Upon returning home to Atlantic City, Friedenberg served as a member of the Atlantic County Veterans Advisory Board and commander of a Jewish War Veterans post. He also regularly spoke at schools until his death.

Satterfield, who spent 40 years in the military, retired as a one-star general in 2014 and moved to Galloway Township with his wife three years later. He got involved in the project after receiving a call from Smigliani and reading up on Friedenberg’s past.

“A few years ago, Marco called me and said, ‘Hey, you want to get involved in this memorial?’ I said yes and got the book on Bernie Friedenberg,” Satterfield said. “I’m just glad to be part of this team.”

Smigliani said Friedenberg would be proud of what the group is doing for veterans if he were still alive.

“He would be thrilled that we’re doing the right thing,” Smigliani said. “Especially during this time because he loved America. He never imagined that he’d be the face of all of this. Bernie is the face, but this is for all World War II veterans, all the 405,000 that never came home, the 760,000 that were wounded, the 120,000 MIAs, and the 16 million who returned.”

Mike Bongiorno, an Army infantry veteran from Egg Harbor Township, described his involvement in the project as the highlight of his life.

“It has been an absolute honor to be involved with this monument,” said Bongiorno. “A couple of things happened, and they (Smigliani and Satterfield) needed some extra help. So I decided to jump in a few months ago and help any way that I could. It’s been a blast getting to work with so many great people on this. We’ve had a lot of support from the community, and many have selflessly helped.”
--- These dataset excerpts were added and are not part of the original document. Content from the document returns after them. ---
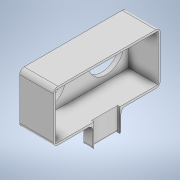
# Autodesk Inventor part: Ultaschal Sensor Gehäuse
Saved by Autodesk Inventor 2021 (Build 250183000, 183)
## iProperties
Created: 2021-06-22
Part Number: Ultaschal Sensor Gehäuse
Material: Generic
Document SubType Name: Modeling
Designer: Rami
Density: 1 g/cm^3
Appearance: Default
Author: Rami
Autodesk Inventor part; units mm, degrees
ref_plane "YZ Plane" through (0, 0, 0) normal (1, 0, 0) x (0, 1, 0)
ref_plane "XZ Plane" through (0, 0, 0) normal (0, 1, 0) x (-1, 0, 0)
ref_plane "XY Plane" through (0, 0, 0) normal (0, 0, 1) x (1, 0, 0)
sketch "Sketch1" plane through (0, 0, 0) normal (1, 0, 0) x (0, 1, 0)
  line L0 (0, 0) -> (20.7, 0)
  line L1 (20.7, 0) -> (20.7, -45.6)
  line L2 (20.7, -45.6) -> (0, -45.6)
  line L3 (0, -45.6) -> (0, 0)
  circle A0 centre (10.35, -9.5) radius 8
  circle A1 centre (10.35, -35.5) radius 8
  line L4 (21.7, -46.6) -> (21.7, 1)
  line L5 (21.7, 1) -> (-1, 1)
  line L6 (-1, 1) -> (-1, -46.6)
  line L7 (-1, -46.6) -> (21.7, -46.6)
  dimension "Breite" = 20.7
  dimension "Länge" = 45.6
  dimension "Kreise1" = 16
  dimension "BreiteBisKreise1" = 9.5
  dimension "LangeBisKreise" = 10.35
  dimension "KreiseCenter1BisKreiseCenter2" = 26
  dimension "Kreise2" = 16
  dimension "LangeBisKreise2" = 10.35
  dimension "d14" = 1
  constraints: 16 end point, 4 parallel, 2 centre point, 2 perpendicular, 1 horizontal, 3 other
  measures "Breite" distance of L1.end L2.end
  measures "Länge" distance of L0.end L1.end
  measures "Kreise1" diameter of A0
  measures "BreiteBisKreise1" distance from line of L0 A0.centre
  measures "LangeBisKreise" distance from line of L1 A0.centre
  measures "KreiseCenter1BisKreiseCenter2" distance of A1.centre A0.centre
  measures "Kreise2" diameter of A1
  measures "LangeBisKreise2" distance from line of L1 A1.centre
  measures "d14" distance between parallel lines of L1 L4
extrude "Extrusion1" add sketch "Sketch1" along normal blind 15 contours L0 L1 L2 L3 | A0 | A1
extrude "Extrusion2" add sketch "Sketch1" along normal up to surface (15 mm away) contours L7 L6 L5 L4
sketch "Sketch2" plane through (15, 0, 0) normal (1, 0, 0) x (0, 0, -1)
  line L0 (0, 20.7) -> (45.6, 20.7) projected
  line L1 (56.12, 0) -> (-10.52, 0) projected
  line L2 (45.6, 20.7) -> (45.6, 0) projected
  line L3 (0, -5.54) -> (0, 26.24) projected
  line L4 (0, 20.7) -> (45.6, 20.7)
  line L5 (45.6, 20.7) -> (45.6, 0)
  line L6 (45.6, 0) -> (0, 0)
  line L7 (0, 0) -> (0, 20.7)
  constraints: 8 end point, 2 parallel, 1 horizontal, 1 perpendicular
extrude "Extrusion3" cut sketch "Sketch2" against normal blind 13
extrude "Extrusion4" cut sketch "Sketch1" along normal blind 11 contours A0 | A1
sketch "Sketch3" plane through (15, 0, 0) normal (1, 0, 0) x (0, 0, -1)
  line L0 (45.6, 20.7) -> (45.6, 0) projected
  line L1 (45.6, 0) -> (0, 0) projected
  line L2 (0, 0) -> (0, 20.7) projected
  line L3 (0, 20.7) -> (45.6, 20.7) projected
  line L4 (-1, 21.7) -> (46.6, 21.7) projected
  line L5 (-1, -1) -> (-1, 21.7) projected
  line L6 (46.6, -1) -> (-1, -1) projected
  line L7 (46.6, 21.7) -> (46.6, -1) projected
  line L8 (0, 0) -> (0, 20.7) projected
  line L9 (0, 0) -> (16.5, 0)
  line L10 (45.6, 0) -> (0, 0) projected
  line L11 (45.6, 20.7) -> (45.6, 0) projected
  line L12 (45.6, 0) -> (29.1, 0)
  line L13 (-1, -1) -> (46.6, -1) projected
  line L14 (16.5, -1) -> (16.5, -10.5)
  line L15 (29.1, -1) -> (29.1, -10.5)
  line L16 (16.5, -10.5) -> (29.1, -10.5)
  dimension "d21" = 16.5
  dimension "d22" = 16.5
  dimension "d23" = 9.5
  dimension "d24" = 1
  dimension "d26" = 12.6
  constraints: 10 end point, 4 point on line, 3 perpendicular
  measures "d21" distance of L8.start L9.end
  measures "d22" distance of L0.end L12.end
  measures "d23" distance of L14.start L14.end
  measures "d24" distance of L9.end L14.start
  measures "d26" distance of L14.end L15.end
extrude "Extrusion5" add sketch "Sketch3" against normal blind 4 contours L6 L15 L16 L14
sketch "Sketch4" plane through (15, 0, 0) normal (1, 0, 0) x (0, 0, -1)
  line L0 (45.6, 20.7) -> (45.6, 0) projected
  line L1 (45.6, 0) -> (0, 0) projected
  line L2 (0, 0) -> (0, 20.7) projected
  line L3 (0, 20.7) -> (45.6, 20.7) projected
  line L4 (-1, 21.7) -> (46.6, 21.7) projected
  line L5 (-1, -1) -> (-1, 21.7) projected
  line L6 (16.5, -1) -> (-1, -1) projected
  line L7 (16.5, -1) -> (16.5, -10.5) projected
  line L8 (16.5, -10.5) -> (29.1, -10.5) projected
  line L9 (29.1, -10.5) -> (29.1, -1) projected
  line L10 (46.6, -1) -> (29.1, -1) projected
  line L11 (46.6, 21.7) -> (46.6, -1) projected
  line L12 (29.1, -10.5) -> (29.1, -1) projected
  line L13 (29.1, -10.5) -> (16.5, -10.5) projected
  line L14 (29.1, -1) -> (16.5, -1)
  line L15 (16.5, -1) -> (16.5, -10.5)
  line L16 (16.5, -10.5) -> (29.1, -10.5)
  line L17 (29.1, -10.5) -> (29.1, -1)
  line L18 (17, -1.5) -> (28.6, -1.5)
  line L19 (28.6, -1.5) -> (28.6, -10)
  line L20 (28.6, -10) -> (17, -10)
  line L21 (17, -10) -> (17, -1.5)
  line L22 (17, -1.5) -> (17, 0)
  line L23 (45.6, 0) -> (0, 0) projected
  line L24 (28.6, -1.5) -> (28.6, 0)
  line L25 (17, 0) -> (28.6, 0)
  line L26 (17, -10) -> (17, -10.5)
  line L27 (28.6, -10) -> (28.6, -10.5)
  dimension "d29" = 0.5
  constraints: 26 end point, 5 parallel, 4 perpendicular, 4 point on line, 1 collinear, 1 horizontal, 1 vertical, 3 other
  measures "d29" distance between parallel lines of L14 L18
extrude "Extrusion6" cut sketch "Sketch4" against normal blind 1 contours L24 L14 L22 L1 | L24 L18 L22 L14 | L19 L20 L21 L18 | L27 L8 L26 L20
fillet "Fillet1" radius 2 2 edges at (13, -1, -29.1) (13, -1, -16.5)
fillet "Fillet2" radius 2 4 edges at (7.5, -1, 1) (7.5, -1, -46.6) (7.5, 21.7, -46.6) (7.5, 21.7, 1)
fillet "Fillet3" radius 1 1 edges at (14, -10.5, -22.8)
fillet "Fillet4" radius 1 2 edges at (13, -10.5, -29.1) (13, -10.5, -16.5)
body "Solid1"

When people walk through the park and see the memorial, Satterfield wants them to not only think of Bernie but all of the veterans who made the ultimate sacrifice.

“We hope they think about the veterans who died and those who were wounded,” Satterfield said. “There are huge numbers compared to other wars. I spent three years in combat, and that is nothing compared to what these guys went through. Those men and women gave a tremendous amount. It makes me emotional to think about this, and this memorial will give people a better understanding of what those veterans had to go through.”